In THE LEISURE SEEKER, Will Spencer (Christian McKay) arrives at the home of his parents, Ella (Helen Mirren) and John (Donald Sutherland), only to find that they're gone, having taken their 1975 Winnebago -- dubbed "The Leisure Seeker" -- and hit the road. John's memory is slowly fading, and he has trouble remembering things, so this is meant to be a kind of last hurrah -- which is why Ella refuses to tell her worried son and daughter, Jane (Janel Moloney), where they are. During their journey, they're pulled over by cops and held at knifepoint, but they also dance in an expensive hotel room and enjoy outdoor slide shows of their lives together. Things come to a head when Ella learns an old secret and when she collapses at Hemingway's house. But no matter what, the couple vows to never be apart again.
Is it any good?
This soft, languid road movie benefits from accomplished actors Mirren and Sutherland; they share a genuine chemistry, but despite some lovely moments, the film meanders and becomes lost. The Leisure Seeker is structured in little segments, one largely disconnected from the next, and when it stays light and hopeful, these work. But when they become focused on John's dementia, things take a melancholy turn that's inescapable and hopeless. And even some of the lighter scenes -- such as the attempted mugging -- fail to work because they're too light; they don't feel like life.
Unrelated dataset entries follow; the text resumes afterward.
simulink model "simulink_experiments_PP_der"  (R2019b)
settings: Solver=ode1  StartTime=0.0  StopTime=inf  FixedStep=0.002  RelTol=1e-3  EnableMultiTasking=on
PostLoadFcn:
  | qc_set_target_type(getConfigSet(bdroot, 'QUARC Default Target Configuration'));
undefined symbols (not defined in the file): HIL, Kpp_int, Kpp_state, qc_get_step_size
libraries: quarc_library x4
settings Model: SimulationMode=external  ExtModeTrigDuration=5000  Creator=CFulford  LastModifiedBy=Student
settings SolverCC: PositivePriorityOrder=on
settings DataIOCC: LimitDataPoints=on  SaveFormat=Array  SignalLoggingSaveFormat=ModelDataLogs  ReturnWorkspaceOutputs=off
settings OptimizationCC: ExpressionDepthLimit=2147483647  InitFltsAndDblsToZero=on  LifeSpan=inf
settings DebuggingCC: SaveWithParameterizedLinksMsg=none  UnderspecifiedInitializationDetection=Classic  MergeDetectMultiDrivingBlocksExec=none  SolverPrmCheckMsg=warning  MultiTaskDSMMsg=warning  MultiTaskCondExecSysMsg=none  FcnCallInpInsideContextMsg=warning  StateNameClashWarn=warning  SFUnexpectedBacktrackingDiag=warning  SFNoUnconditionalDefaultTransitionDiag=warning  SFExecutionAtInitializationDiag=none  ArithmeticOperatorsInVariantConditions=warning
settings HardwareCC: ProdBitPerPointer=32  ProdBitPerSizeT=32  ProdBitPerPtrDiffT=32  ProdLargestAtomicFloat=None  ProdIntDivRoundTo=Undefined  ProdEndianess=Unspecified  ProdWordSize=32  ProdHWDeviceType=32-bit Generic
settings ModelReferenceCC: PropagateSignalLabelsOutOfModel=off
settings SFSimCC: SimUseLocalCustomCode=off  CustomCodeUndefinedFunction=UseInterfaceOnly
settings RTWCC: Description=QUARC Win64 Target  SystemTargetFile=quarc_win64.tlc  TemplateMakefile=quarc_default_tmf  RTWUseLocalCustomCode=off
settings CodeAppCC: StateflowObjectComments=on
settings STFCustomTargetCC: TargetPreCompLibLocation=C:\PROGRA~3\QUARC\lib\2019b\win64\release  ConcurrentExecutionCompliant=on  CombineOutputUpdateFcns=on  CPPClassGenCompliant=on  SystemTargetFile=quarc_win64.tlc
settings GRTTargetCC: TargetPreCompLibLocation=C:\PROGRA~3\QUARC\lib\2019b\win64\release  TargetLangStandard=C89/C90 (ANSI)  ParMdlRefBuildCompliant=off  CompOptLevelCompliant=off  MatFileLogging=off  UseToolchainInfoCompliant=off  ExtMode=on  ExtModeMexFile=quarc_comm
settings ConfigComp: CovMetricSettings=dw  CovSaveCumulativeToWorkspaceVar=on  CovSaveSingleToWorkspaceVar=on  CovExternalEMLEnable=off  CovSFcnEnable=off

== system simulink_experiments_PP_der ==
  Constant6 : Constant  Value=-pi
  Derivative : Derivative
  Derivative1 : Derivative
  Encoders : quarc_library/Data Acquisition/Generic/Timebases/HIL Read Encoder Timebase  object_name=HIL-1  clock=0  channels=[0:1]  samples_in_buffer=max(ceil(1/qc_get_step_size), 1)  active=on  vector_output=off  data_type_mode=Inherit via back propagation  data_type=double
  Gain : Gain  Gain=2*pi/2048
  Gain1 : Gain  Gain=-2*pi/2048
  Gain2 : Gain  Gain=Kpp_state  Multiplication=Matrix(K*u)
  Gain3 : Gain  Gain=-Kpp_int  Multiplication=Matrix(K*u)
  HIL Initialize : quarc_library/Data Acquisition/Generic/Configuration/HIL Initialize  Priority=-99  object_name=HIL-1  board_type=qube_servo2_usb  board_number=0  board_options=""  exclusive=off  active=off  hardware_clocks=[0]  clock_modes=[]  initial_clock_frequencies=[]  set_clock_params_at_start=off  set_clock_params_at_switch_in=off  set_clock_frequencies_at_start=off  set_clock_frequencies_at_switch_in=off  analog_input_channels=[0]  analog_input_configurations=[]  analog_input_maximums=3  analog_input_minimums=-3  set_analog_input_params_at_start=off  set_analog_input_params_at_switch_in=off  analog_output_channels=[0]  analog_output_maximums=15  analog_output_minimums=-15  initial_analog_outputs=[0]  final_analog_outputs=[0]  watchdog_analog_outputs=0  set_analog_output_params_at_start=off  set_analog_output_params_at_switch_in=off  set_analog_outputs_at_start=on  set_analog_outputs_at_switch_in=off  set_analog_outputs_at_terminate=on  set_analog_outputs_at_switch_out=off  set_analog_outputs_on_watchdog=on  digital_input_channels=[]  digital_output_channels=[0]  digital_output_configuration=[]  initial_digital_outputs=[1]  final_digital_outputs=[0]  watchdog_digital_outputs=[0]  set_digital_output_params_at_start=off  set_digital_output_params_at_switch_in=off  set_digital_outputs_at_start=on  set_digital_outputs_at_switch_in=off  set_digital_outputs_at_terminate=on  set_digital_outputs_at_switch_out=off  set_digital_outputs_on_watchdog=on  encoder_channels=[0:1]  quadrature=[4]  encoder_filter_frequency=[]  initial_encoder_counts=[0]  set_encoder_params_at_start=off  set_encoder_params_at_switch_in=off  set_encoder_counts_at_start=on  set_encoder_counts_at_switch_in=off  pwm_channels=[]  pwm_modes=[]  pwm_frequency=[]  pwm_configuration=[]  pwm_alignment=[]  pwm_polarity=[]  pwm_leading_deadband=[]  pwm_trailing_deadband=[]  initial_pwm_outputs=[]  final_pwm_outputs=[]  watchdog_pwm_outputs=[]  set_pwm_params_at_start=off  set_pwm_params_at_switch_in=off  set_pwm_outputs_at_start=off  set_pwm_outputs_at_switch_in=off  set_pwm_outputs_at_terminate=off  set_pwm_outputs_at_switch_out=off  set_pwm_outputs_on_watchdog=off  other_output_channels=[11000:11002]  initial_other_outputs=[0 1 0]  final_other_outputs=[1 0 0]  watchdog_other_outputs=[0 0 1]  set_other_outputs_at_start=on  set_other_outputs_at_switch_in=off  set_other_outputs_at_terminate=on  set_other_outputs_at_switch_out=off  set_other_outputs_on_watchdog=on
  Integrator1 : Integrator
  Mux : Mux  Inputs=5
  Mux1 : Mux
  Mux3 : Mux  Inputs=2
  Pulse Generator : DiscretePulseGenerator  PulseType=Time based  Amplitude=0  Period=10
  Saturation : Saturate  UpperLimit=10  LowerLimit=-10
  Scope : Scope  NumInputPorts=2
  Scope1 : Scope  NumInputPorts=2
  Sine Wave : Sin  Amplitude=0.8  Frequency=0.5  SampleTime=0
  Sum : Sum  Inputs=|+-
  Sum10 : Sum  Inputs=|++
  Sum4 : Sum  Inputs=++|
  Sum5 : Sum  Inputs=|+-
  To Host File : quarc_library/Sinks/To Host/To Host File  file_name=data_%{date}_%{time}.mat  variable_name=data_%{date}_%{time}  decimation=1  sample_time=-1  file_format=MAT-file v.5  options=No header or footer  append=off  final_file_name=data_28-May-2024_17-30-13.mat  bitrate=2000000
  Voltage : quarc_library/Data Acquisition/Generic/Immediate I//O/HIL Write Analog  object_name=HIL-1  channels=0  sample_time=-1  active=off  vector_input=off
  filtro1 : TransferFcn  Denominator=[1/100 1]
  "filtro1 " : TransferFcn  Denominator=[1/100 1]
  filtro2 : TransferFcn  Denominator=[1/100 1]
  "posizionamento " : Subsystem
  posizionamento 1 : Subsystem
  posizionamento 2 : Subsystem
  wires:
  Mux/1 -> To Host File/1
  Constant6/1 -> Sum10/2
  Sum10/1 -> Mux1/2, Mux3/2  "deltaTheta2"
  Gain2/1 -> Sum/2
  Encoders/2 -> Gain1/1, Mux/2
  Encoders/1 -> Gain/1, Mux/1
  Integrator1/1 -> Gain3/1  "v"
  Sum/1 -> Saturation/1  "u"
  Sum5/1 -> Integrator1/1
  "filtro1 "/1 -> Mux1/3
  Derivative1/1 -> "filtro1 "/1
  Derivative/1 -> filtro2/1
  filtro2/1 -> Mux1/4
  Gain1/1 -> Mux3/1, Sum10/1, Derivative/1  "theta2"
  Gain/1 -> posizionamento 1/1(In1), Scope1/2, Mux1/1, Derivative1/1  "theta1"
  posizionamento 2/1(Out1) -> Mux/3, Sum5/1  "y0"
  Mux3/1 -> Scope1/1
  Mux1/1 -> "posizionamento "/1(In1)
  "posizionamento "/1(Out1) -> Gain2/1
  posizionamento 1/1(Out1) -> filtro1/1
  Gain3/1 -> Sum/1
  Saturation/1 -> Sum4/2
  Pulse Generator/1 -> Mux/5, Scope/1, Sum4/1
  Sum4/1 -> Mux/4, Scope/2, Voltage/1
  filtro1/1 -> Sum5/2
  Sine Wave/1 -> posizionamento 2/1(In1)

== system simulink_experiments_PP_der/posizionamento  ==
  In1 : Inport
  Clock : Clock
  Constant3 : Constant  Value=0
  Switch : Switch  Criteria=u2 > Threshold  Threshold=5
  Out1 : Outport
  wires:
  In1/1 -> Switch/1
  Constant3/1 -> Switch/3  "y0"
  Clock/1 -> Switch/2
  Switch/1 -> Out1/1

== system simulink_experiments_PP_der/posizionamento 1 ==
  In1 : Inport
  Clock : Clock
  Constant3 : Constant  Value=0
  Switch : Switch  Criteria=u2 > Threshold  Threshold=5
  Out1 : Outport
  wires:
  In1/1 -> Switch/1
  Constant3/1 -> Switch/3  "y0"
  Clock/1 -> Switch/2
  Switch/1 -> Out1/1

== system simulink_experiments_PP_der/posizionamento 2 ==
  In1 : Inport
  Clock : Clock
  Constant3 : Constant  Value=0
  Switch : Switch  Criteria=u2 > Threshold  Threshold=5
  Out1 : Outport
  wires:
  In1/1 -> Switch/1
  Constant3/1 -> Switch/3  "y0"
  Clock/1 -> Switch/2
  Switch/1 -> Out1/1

The roles of Ella and John's children, played ably by Moloney and McKay, don't quite fit anywhere, either. They mostly talk about their parents and argue about their care, but the movie doesn't really address much beyond that. The wonderful moments show the older couple's bond at its strongest -- when they're almost able to understand each other's thoughts or how to work each other's moods. But even these tend to feel upturned by the movie's mournful ending. Yet the characters are in place; if only The Leisure Seeker could have been a more truthful movie ... and a shorter one.
Talk to your kids about ...
Families can talk about how The Leisure Seeker depicts sex. Is it tender? Funny? Embarrassing? What does the movie reveal about marriage, age, and physical relationships?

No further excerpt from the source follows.